I hope to see some fellow Perl mongers, Debian users, and Ubunteros and learn a lot from this experience. OSDC here I come! :D

Working with Mac-sent attachments in Linux

Wednesday, October 10th, 2007

If you’re reading mails offline on Linux (or if you’re browsing from GMail,) and you have some contacts using a Mac who sends you emails with attachments from Mail.app, you may some of the time get attachments that may seem to be unreadable by the intended application (like, when some Mac guy sends you a mindmap file in FreeMind that you can read in Ubuntu.) I recently hit this snag at work, so I did a little looking around to see why this is so, and how to fix it.

The first thing I did, after downloading the attachment, was to obviously `pager` it. :P What seems to be a single attachment is in fact a couple of MIME objects, one an `application/applefile’ object, and an `application/octet-stream’ object. Since both are Base64-encoded parts, I can run a simple filter (using Perl’s MIME::Base64::decode_base64 routine) on both to get the raw parts. It turns out that the first part is an AppleDouble-encoded resource fork that describes the metadata for the actual file (called the data fork in AppleDouble parlance.) One can read this on Linux via Perl using the Mac::AppleSingleDouble module to get Finder information, among other things.

However, for non-Mac users, what they’re really interested in getting is the the data fork. This can be done by using Email::MIME on the original message to get the data fork subpart, then filtering it through MIME::Base64. (Or you can cheat by using the already-downloaded AppleDouble attachment and extract+decode the octet-stream part as mentioned earlier.)

Weekend Hacks: growl-notify and weeter for WeeChat

Tuesday, August 28th, 2007

This weekend, a rather long one due to the observance of the National Heroes’ day, got me started into doing some little hacks for WeeChat, an IRC client that I have been using in place of Colloquy on the Macbook which I use at work. I have been using WeeChat originally because I’ve been using TOR to connect to the ‘Net, but later on I found out about WeeChat’s extensibility via script plugins that can be written in either Ruby, Lua, or Perl.

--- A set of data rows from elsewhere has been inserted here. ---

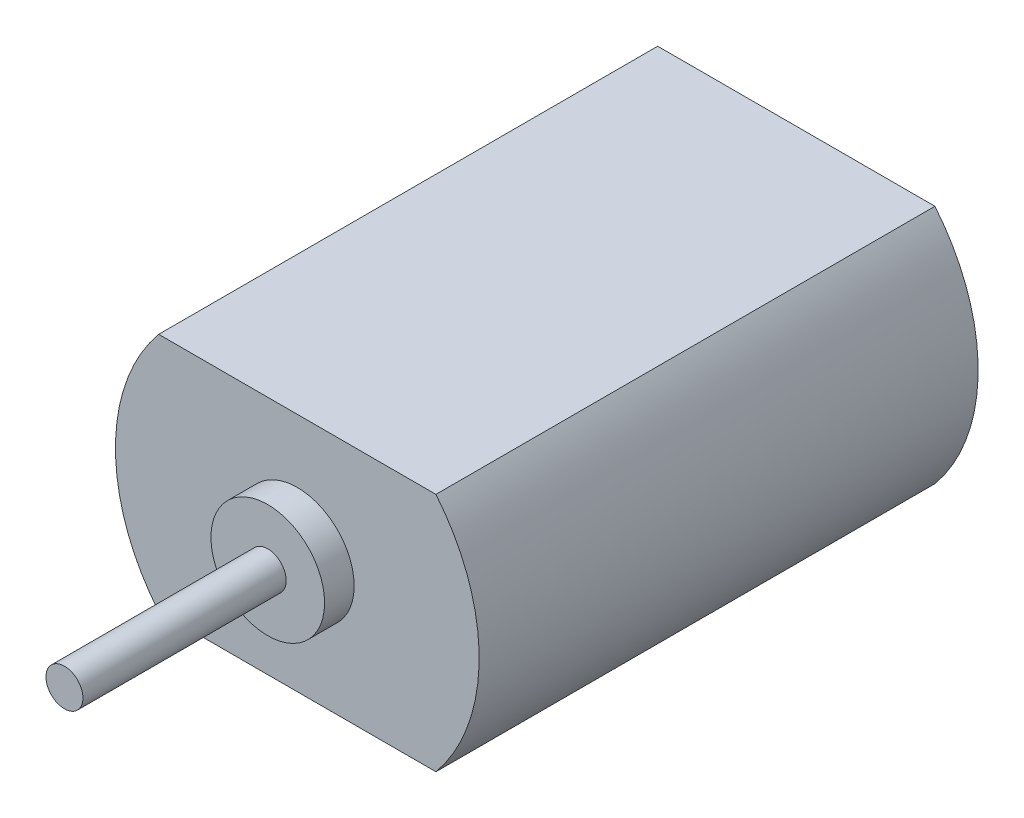
from build123d import *

# Parameters (mm, degrees)
SKETCH1_W           = 15
SKETCH1_H           = 13
BOSS_EXTRUDE1_DEPTH = 27
SKETCH2_R           = 3.075
BOSS_EXTRUDE2_DEPTH = 1.6
SKETCH3_R           = 1
BOSS_EXTRUDE3_DEPTH = 11


with BuildPart() as part:
    # Sketch1 → Boss-Extrude1 (new body)
    with BuildSketch(Plane.XY):
        Rectangle(SKETCH1_W, SKETCH1_H)
        with BuildLine():
            ThreePointArc((7.5, 6.5), (9.83933845, 0), (7.5, -6.5))
            Line((7.5, -6.5), (7.5, 6.5))
        make_face()
        with BuildLine():
            Line((-7.5, -6.5), (-7.5, 6.5))
            ThreePointArc((-7.5, 6.5), (-9.83933845, 0), (-7.5, -6.5))
        make_face()
    extrude(amount=BOSS_EXTRUDE1_DEPTH)

    # Sketch2 → Boss-Extrude2 (add)
    with BuildSketch(Plane.XY.offset(27)):
        Circle(SKETCH2_R)
    extrude(amount=BOSS_EXTRUDE2_DEPTH)

    # Sketch3 → Boss-Extrude3 (add)
    with BuildSketch(Plane.XY.offset(28.6)):
        Circle(SKETCH3_R)
    extrude(amount=BOSS_EXTRUDE3_DEPTH)


solid = part.part

And, being the Perl monger that I am, and having lots of idle time (hey, this was a weekend ;) I looked for some way to better integrate my WeeChat to my Mac setup. The first thing I came up with was a way to get the app to send event notifications via the Growl framework (which I got from Adium,) since the WeeChat I have here is a console-only app (there is an ongoing GTK/wxWidgets UI port, but not available yet in MacPorts, where I got WeeChat.) A quick look at the Growl developer documentation, however, got me looking into Mac::Growl, which provides a very simple Perl interface to Growl. And thus, I came up with growl-notify, which now keeps me up to date on what’s going on in IRC while I’m doing something else.

The other thing that I got to work on with was a simple way to do Twitter status updates while on IRC. Of course, I do have the excellent Twitterific for Mac installed, but again I was raring for some quick hack to do at the weekend, so I decided to do this one too. In IRC, one can pretty much indicate his/her status by using the /me command (which is really a shortcut for doing a CTCP ACTION message, but I digress.) This particular command seemed to be a fairly natural command to tie a Twitter updater with, so it only took a while for me to look up Net::Twitter, write a modifier for the /me command, and come up with weeter.

Now, the week’s back, and I look forward to my work and its pending tasks (currently something involving PostgreSQL, GlusterFS, and lots of Amazon EC2 nodes ;) with a renewed zest for tackling problems. And when weekend comes again, its yet another time to recharge, and perhaps hack some more on better integrating the apps that I use in my workflow (and thus helping my productivity.)